> **PROBLEM**: Find each line below that includes "body", then copy it.

══════════

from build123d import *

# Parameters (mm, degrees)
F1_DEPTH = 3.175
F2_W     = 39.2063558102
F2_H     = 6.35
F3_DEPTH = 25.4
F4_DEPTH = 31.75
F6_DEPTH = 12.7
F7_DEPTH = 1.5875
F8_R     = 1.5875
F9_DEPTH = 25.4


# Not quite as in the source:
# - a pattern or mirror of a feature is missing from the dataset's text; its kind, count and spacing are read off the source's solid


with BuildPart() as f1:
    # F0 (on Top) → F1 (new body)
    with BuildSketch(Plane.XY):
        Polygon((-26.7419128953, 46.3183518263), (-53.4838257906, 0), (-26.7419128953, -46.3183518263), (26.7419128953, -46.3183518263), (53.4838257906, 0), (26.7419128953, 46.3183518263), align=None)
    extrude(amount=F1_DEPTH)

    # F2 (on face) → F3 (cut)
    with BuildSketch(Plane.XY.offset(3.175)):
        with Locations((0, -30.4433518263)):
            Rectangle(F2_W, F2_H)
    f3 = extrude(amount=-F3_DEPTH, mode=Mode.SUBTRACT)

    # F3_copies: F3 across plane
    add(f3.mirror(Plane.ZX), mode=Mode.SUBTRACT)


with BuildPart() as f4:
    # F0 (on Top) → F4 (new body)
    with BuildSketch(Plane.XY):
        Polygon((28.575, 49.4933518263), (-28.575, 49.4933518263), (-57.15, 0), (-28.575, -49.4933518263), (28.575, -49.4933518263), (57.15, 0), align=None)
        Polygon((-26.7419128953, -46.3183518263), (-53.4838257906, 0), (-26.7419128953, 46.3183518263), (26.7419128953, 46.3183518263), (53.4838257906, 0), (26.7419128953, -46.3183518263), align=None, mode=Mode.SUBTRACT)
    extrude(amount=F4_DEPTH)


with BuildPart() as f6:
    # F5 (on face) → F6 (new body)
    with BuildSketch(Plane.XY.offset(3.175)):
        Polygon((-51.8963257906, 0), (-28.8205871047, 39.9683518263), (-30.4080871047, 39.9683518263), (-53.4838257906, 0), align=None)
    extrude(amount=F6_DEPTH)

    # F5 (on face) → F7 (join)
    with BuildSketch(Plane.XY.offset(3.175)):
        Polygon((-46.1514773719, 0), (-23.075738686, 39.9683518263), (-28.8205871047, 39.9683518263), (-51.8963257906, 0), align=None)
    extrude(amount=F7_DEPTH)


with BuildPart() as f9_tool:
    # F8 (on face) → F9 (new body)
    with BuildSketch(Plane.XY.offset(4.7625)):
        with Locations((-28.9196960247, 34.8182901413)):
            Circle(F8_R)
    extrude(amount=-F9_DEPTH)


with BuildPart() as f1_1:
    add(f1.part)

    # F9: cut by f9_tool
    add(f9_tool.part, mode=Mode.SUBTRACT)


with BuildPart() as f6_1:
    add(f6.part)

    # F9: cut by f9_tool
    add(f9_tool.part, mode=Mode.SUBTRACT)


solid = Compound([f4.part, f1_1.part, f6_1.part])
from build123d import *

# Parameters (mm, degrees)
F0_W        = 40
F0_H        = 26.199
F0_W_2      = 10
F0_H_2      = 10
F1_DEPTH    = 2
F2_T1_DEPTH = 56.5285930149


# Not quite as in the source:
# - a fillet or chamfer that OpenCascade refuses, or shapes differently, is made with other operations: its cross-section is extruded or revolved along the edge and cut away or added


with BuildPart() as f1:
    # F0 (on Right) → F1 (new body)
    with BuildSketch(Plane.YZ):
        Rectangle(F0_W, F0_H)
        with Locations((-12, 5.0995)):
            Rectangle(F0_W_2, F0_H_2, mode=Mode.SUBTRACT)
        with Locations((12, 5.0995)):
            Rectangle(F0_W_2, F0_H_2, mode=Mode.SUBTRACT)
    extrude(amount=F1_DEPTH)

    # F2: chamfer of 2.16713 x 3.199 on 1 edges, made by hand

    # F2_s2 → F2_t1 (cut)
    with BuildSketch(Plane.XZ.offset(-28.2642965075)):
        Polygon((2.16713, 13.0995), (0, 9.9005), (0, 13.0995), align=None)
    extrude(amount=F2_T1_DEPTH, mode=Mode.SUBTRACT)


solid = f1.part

══════════

> **ANSWER SECTION**:
    # F0 (on Top) → F1 (new body)
    # F0 (on Top) → F4 (new body)
    # F5 (on face) → F6 (new body)
    # F8 (on face) → F9 (new body)
    # F0 (on Right) → F1 (new body)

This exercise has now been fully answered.